The Museum of Social Justice & Contemporary Activism

The Museum of Social Justice and Contemporary Activism (MSJ) is a national museum exclusively dedicated to exhibiting and incubating activism in the United States and beyond. Our inaugural Racial Justice Collection (“collection” or “inaugural collection”) will collect, curate, and exhibit materials from racial justice movements, past and present.

While the collection will include materials from a wide range of racial justice movements and organizations, it will emphasize radical formations that are often excluded from the mainstream story of black freedom struggle. Materials will include, but not be limited to: posters, pamphlets, clothing, protest signs, videos, photography, campaign documents, memorabilia, and meeting notes. The project is threefold.

This may take the form of an art exhibit, an immersive experience, or a children friendly gathering, such as an activist “show and tell” where the materials serve as educational tools for young people and their families. This project addresses the problem by curating and caring for the aforementioned materials that are currently unorganized, stuck online, or subject to co-optation by elite institutions.

PROBLEM ANALYSIS

  • It is a problem that easily goes unnoticed: our movement’s most precious materials are collecting dust, vulnerable to weather conditions, or stuck online. Who will collect and care for them? The lack of a national effort to curate racial justice movement materials impacts current generations of activists, students, and educators, as well as future generations who will inherit the responsibility to continue the tradition of freedom struggle.

  • Historically, racial justice organizations such as the Black Panther Party, the Student Nonviolent Coordinating Committee preserved their materials, recognizing the value of activist archives, for internal purposes of strengthening the work of the organization, and external purposes of strengthening the vision of the movement.

  • Because of their intentionality, contemporary activists, students, and the like have the luxury of learning about and being inspired by their campaigns, papers, visions, art, and culture. Yet, even these materials, particularly those from more radical formations, are either unorganized, co-opted by elite institutions, or left out of the mainstream narrative. As such, the stories of our struggles and strivings, are not told by those who authored the movement.

Impact

First, the collection will help build the gallery wing of the Museum of Social Justice. The gallery will feature physical and virtual exhibits from the inaugural collection that showcase the history, urgency, and possibility of social justice activism.

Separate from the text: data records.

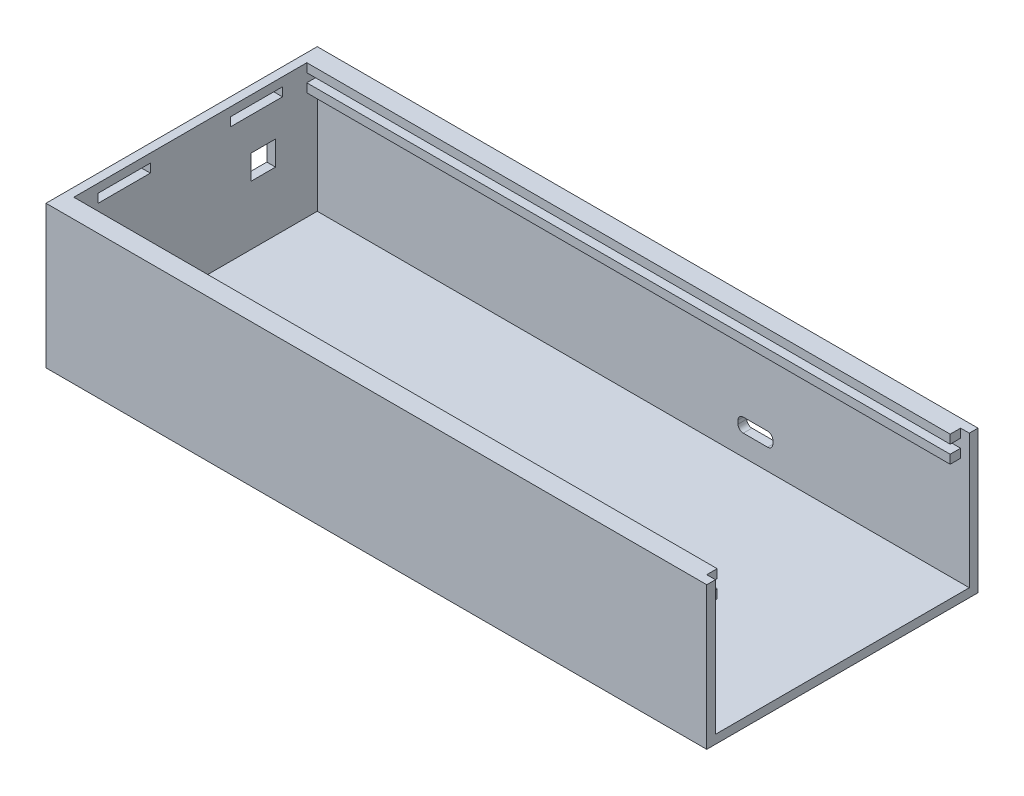
from build123d import *

# Parameters (mm, degrees)
SKETCH_1_W          = 190
SKETCH_1_H          = 78
EXTRUDE_1_DEPTH     = 41
SKETCH_2_W          = 185
SKETCH_2_H          = 73
CUT_EXTRUDE_1_DEPTH = 38.5
SKETCH_3_W          = 2.5
SKETCH_3_H          = 73
CUT_EXTRUDE_2_DEPTH = 38.5
SKETCH_4_W          = 7
SKETCH_4_H          = 7
CUT_EXTRUDE_4_DEPTH = 2.5
SKETCH_5_W          = 10
SKETCH_5_H          = 4
CUT_EXTRUDE_5_DEPTH = 2.5
FILLET_1_R          = 1.5
SKETCH_9_W          = 15
SKETCH_9_H          = 2.5
CUT_EXTRUDE_8_DEPTH = 2.5
SKETCH_10_W         = 185
SKETCH_10_H         = 2.5
EXTRUDE_2_DEPTH     = 3
SKETCH_11_W         = 185
SKETCH_11_H         = 2.5
EXTRUDE_3_DEPTH     = 3
SKETCH_12_W         = 185
SKETCH_12_H         = 2.5
EXTRUDE_4_DEPTH     = 3
SKETCH_13_W         = 185
SKETCH_13_H         = 2.5
EXTRUDE_5_DEPTH     = 3


with BuildPart() as part:
    # 草图1 → 凸台-拉伸1 (new body)
    with BuildSketch(Plane(origin=(0, 0, 0), x_dir=(1, 0, 0), z_dir=(0, 1, 0))):
        with Locations((11.192771084, -10.259036145)):
            Rectangle(SKETCH_1_W, SKETCH_1_H)
    extrude(amount=EXTRUDE_1_DEPTH)

    # 草图2 → 切除-拉伸1 (cut)
    with BuildSketch(Plane(origin=(0, 41, 0), x_dir=(1, 0, 0), z_dir=(0, 1, 0))):
        with Locations((11.192771084, -10.259036145)):
            Rectangle(SKETCH_2_W, SKETCH_2_H)
    extrude(amount=-CUT_EXTRUDE_1_DEPTH, mode=Mode.SUBTRACT)

    # 草图3 → 切除-拉伸2 (cut)
    with BuildSketch(Plane(origin=(0, 41, 0), x_dir=(1, 0, 0), z_dir=(0, 1, 0))):
        with Locations((104.942771084, -10.259036145)):
            Rectangle(SKETCH_3_W, SKETCH_3_H)
    extrude(amount=-CUT_EXTRUDE_2_DEPTH, mode=Mode.SUBTRACT)

    # 草图4 → 切除-拉伸4 (cut)
    with BuildSketch(Plane.ZY.offset(83.807228916)):
        with Locations((-10.740963855, 23)):
            Rectangle(SKETCH_4_W, SKETCH_4_H)
        with Locations((33.059036145, 23)):
            Rectangle(SKETCH_4_W, SKETCH_4_H)
    extrude(amount=-CUT_EXTRUDE_4_DEPTH, mode=Mode.SUBTRACT)

    # 草图5 → 切除-拉伸5 (cut)
    with BuildSketch(Plane(origin=(0, 0, -28.740963855), x_dir=(-1, 0, 0), z_dir=(0, 0, -1))):
        with Locations((-44.692771084, 10.5)):
            Rectangle(SKETCH_5_W, SKETCH_5_H)
    extrude(amount=-CUT_EXTRUDE_5_DEPTH, mode=Mode.SUBTRACT)

    # 圆角1
    fillet_1_edges = [part.edges().sort_by_distance(p)[0] for p in [
        (39.692771084, 12.5, -27.490963855),
        (39.692771084, 8.5, -27.490963855),
        (49.692771084, 8.5, -27.490963855),
        (49.692771084, 12.5, -27.490963855),
    ]]
    fillet(fillet_1_edges, radius=FILLET_1_R)

    # 草图9 → 切除-拉伸8 (cut)
    with BuildSketch(Plane(origin=(-81.307228916, 0, 0), x_dir=(0, 0, -1), z_dir=(1, 0, 0))):
        with Locations((-29.259036145, 37.25)):
            Rectangle(SKETCH_9_W, SKETCH_9_H)
        with Locations((8.740963855, 37.25)):
            Rectangle(SKETCH_9_W, SKETCH_9_H)
    extrude(amount=-CUT_EXTRUDE_8_DEPTH, mode=Mode.SUBTRACT)

    # 草图10 → 凸台-拉伸2 (add)
    with BuildSketch(Plane(origin=(0, 0, 46.759036145), x_dir=(-1, 0, 0), z_dir=(0, 0, -1))):
        with Locations((-11.192771084, 39.75)):
            Rectangle(SKETCH_10_W, SKETCH_10_H)
    extrude(amount=EXTRUDE_2_DEPTH)

    # 草图11 → 凸台-拉伸3 (add)
    with BuildSketch(Plane.XY.offset(-26.240963855)):
        with Locations((11.192771084, 39.75)):
            Rectangle(SKETCH_11_W, SKETCH_11_H)
    extrude(amount=EXTRUDE_3_DEPTH)

    # 草图12 → 凸台-拉伸4 (add)
    with BuildSketch(Plane(origin=(0, 0, 46.759036145), x_dir=(-1, 0, 0), z_dir=(0, 0, -1))):
        with Locations((-11.192771084, 34.75)):
            Rectangle(SKETCH_12_W, SKETCH_12_H)
    extrude(amount=EXTRUDE_4_DEPTH)

    # 草图13 → 凸台-拉伸5 (add)
    with BuildSketch(Plane.XY.offset(-26.240963855)):
        with Locations((11.192771084, 34.75)):
            Rectangle(SKETCH_13_W, SKETCH_13_H)
    extrude(amount=EXTRUDE_5_DEPTH)


solid = part.part

Additionally, MSJ will use the collection to shift the public’s understanding of and engagement with educational, cultural, and political figures and campaigns from the past and present. Our visitors will learn about new heroes, struggles, and solidarities that emerge from Black and multi-racial activism in the United States and beyond.

Building this collection for the public not only contributes to their individual learning, but also functions as a safe harbor for the types of racial justice education, like Critical Race Theory, that local governments are currently banning throughout the country.